Ohio's $60 Million Bribery Scandal Is Still on Your Electric Bill

Bribery, dark money, data centers, and rate hikes. Ohio’s energy crisis has a body count of careers and a price tag in the billions. And Sen. Husted was in the room the whole time.

As an Ohioan with a $700 electric bill this past January, and a $586 electric bill last month, I felt compelled to write this piece. So, if you live in Ohio like me, and your electric bill has been climbing, you’re NOT imagining things. And it’s not just inflation under the out-of-control Trump regime, either. It’s corruption, regulatory capture, corporate greed, and a data center gold rush that’s draining the grid while sticking YOU with the tab. These aren’t separate problems. They’re one connected story, and it leads straight from a $60 million bribery scheme to the desk of a sitting United States Senator who just testified under oath in a criminal trial.

This is the story of how FirstEnergy bought the Ohio Statehouse, how the man tasked with regulating them was on their payroll, how data centers are driving your electric bills through the roof, and how the people responsible keep getting promoted instead of prosecuted.

The Largest Bribery Scheme in Ohio History

Here’s what happened. FirstEnergy Corp. and its affiliates funneled approximately $60 million through dark money groups into a tax-exempt organization called Generation Now, which was controlled by Larry Householder. That money helped elect supportive legislators during the 2018 Ohio House elections, helped Householder become Speaker of the House in 2019, and then rammed through House Bill 6, a billion-dollar bailout of FirstEnergy’s failing Perry and Davis-Besse nuclear plants, plus subsidies for two 1950s-era coal plants. U.S. Attorney David M. DeVillers called it “likely the largest bribery, money laundering scheme ever perpetrated against the people of the state of Ohio.”

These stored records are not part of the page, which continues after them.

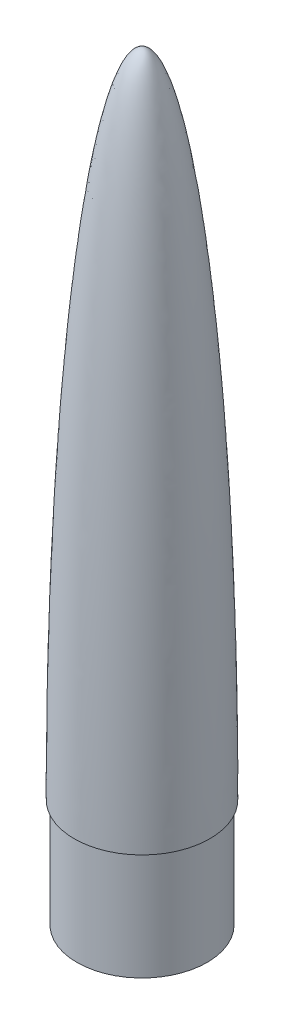
from build123d import *

# Parameters (mm, degrees)
BOTTOMLOCKINGBODYS_W = 2.5
BOTTOMLOCKINGBODYS_H = 20


with BuildPart() as part:
    # TopBodyS → TopBody (revolve)
    with BuildSketch(Plane.XY):
        with BuildLine():
            Line((-12.5, 0), (-9.5, 0))
            add(Edge.make_bspline(
                [(0, 117), (-9.5, 117), (-9.5, 0)],
                knots=[0, 0, 0, 1.570796327, 1.570796327, 1.570796327], degree=2, weights=[1, 0.707106781, 1]))
            Line((0, 117), (0, 120))
            add(Edge.make_bspline(
                [(0, 120), (-12.5, 120), (-12.5, 0)],
                knots=[0, 0, 0, 1.570796327, 1.570796327, 1.570796327], degree=2, weights=[1, 0.707106781, 1]))
        make_face()
    revolve(axis=Axis((0, 0, 0), (0, 1, 0)))

    # BottomLockingBodyS → BottomLockingBody (revolve)
    with BuildSketch(Plane.XY):
        with Locations((-10.75, -10)):
            Rectangle(BOTTOMLOCKINGBODYS_W, BOTTOMLOCKINGBODYS_H)
    revolve(axis=Axis((0, 127, 0), (0, -1, 0)))


solid = part.part

Governor Mike DeWine signed HB 6 into law on July 23, 2019. Federal agents arrested Householder and four associates on July 21, 2020.

Householder was convicted of racketeering conspiracy in March 2023 and sentenced to the maximum 20 years in federal prison. Former Ohio Republican Party Chairman Matt Borges got five years. And then there’s Sam Randazzo, the former Chairman of the Public Utilities Commission of Ohio, the agency literally tasked with protecting ratepayers. He accepted a $4.3 million bribe from FirstEnergy in exchange for regulatory favors. He was indicted, pleaded not guilty, and died by suicide on April 9, 2024.

Let that sink in. The man running the agency that was supposed to keep FirstEnergy in check was on FirstEnergy’s payroll to the tune of $4.3 million. And nobody caught it until the feds came knocking.

FirstEnergy admitted criminal liability in a 2021 court filing. It paid a $230 million federal penalty, a $100 million SEC settlement, and a $20 million settlement with the State of Ohio. In November 2025, the PUCO ordered three FirstEnergy utilities to pay $250.7 million for the scandal, including $180 million in refunds to customers (triple the bribe money) and $64.1 million in civil forfeitures.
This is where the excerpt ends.